Swing precisa-se (para resolver um problema interno de Obama)Talvez porque o golfe é praticamente uma instituição semanal na agenda de qualquer presidente dos EUA que se preze, o tópico adquire um peso que pode parecer bizarro fora de portas. Qual barómetro da sã convivência, ou sinal de crise nas relações, os analistas foram seguindo com cuidado o número de rondas de Barack Obama (2009-2017) desde que o 44.º Presidente tomou posse – e acima de tudo as notadas ausências ao seu lado. Os dados permitiam ler que havia um pequeno problema com o Congresso, e que se não fosse o golfe a dar uma ajuda, seria difícil desbloquear entraves.
Obama era descrito como o solitário que teimava em manter um núcleo restrito de parceiros no golfe — sem a capacidade de fingir que lhe apetecia privar e seduzir nomes para possíveis acordos bipartidários — e para mais esnobando alguns dos melhores golfistas do Congresso, como o democrata Mark Udall ou o republicano Saxby Chambliss. "Não pensem que já jogaram com Obama", alertava o The Washington Post em 2013.
Durante a crise orçamental de 2011, Barack tentou aproximar-se dos republicanos convidando o presidente da Câmara dos Representantes, John Boehner, para um jogo de golfe, mas os resultados terão ficado aquém dos pretendido depois desse jogada diplomática. Obama, fã acérrimo da modalidade, veio até defender-se da falta de disponibilidade pessoal e de sociabilidade de que era acusado. “Simpatizo bastante com o porta-voz Boehner. E quando jogámos golfe, foi ótimo. Mas não foi suficiente para chegar a um acordo em 2011. Quando celebrámos o piquenique do Congresso, todos vemos as fotos de família, a Michelle e eu a sermos simpáticos com todos, e passámos um dia agradável. Mas isso não os impede de irem para o Congresso acusar-me de despesismo socialista”, lamentou.
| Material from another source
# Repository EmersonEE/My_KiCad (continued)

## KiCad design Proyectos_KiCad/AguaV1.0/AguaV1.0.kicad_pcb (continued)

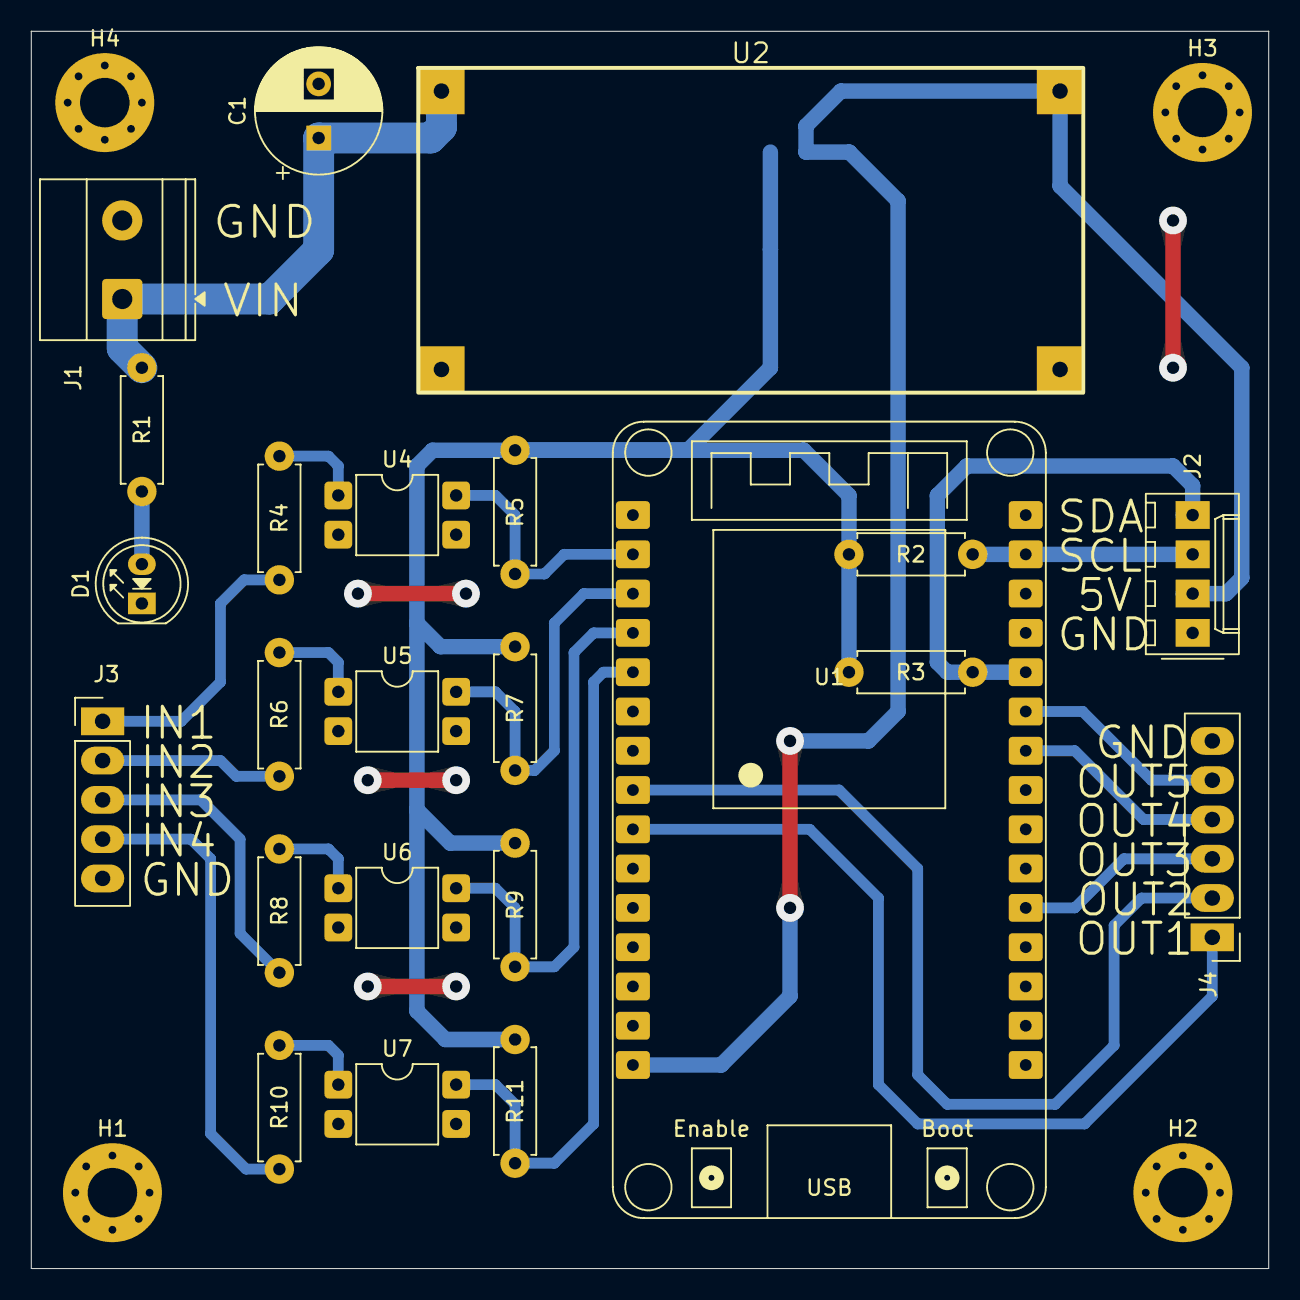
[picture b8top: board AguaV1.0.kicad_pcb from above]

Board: 2 copper layers, 80.0 x 80.0 mm, 28 parts (1 on the bottom side), 24 nets.

No ano seguinte, o problema de comunicação adensava-se. E o analista Charlie Cook fazia as contas: “Nas suas 104 rondas de golfe como presidente, Obama jogou com apenas dois membros do Congresso, de acordo com os registros de Mark Knoller, correspondente da Casa Branca para a CBS Radio e também o homem das estatísticas presidenciais não oficial”, sentenciava. A análise de Cook estendia-se ao basquetebol, mas também aí os relatórios de Knoller apontavam que, entre 40 jogos, apenas um incluiu membros do Congresso, quando, em 8 de outubro de 2009, Barack jogou com 11 membros da Câmara dos Representantes e vários membros de seu gabinete. “É mais fácil encontrar um membro democrata liberal que visitou a Casa Branca quando George H. W. Bush ou George W. Bush serviram do que sob Obama”, ironizava.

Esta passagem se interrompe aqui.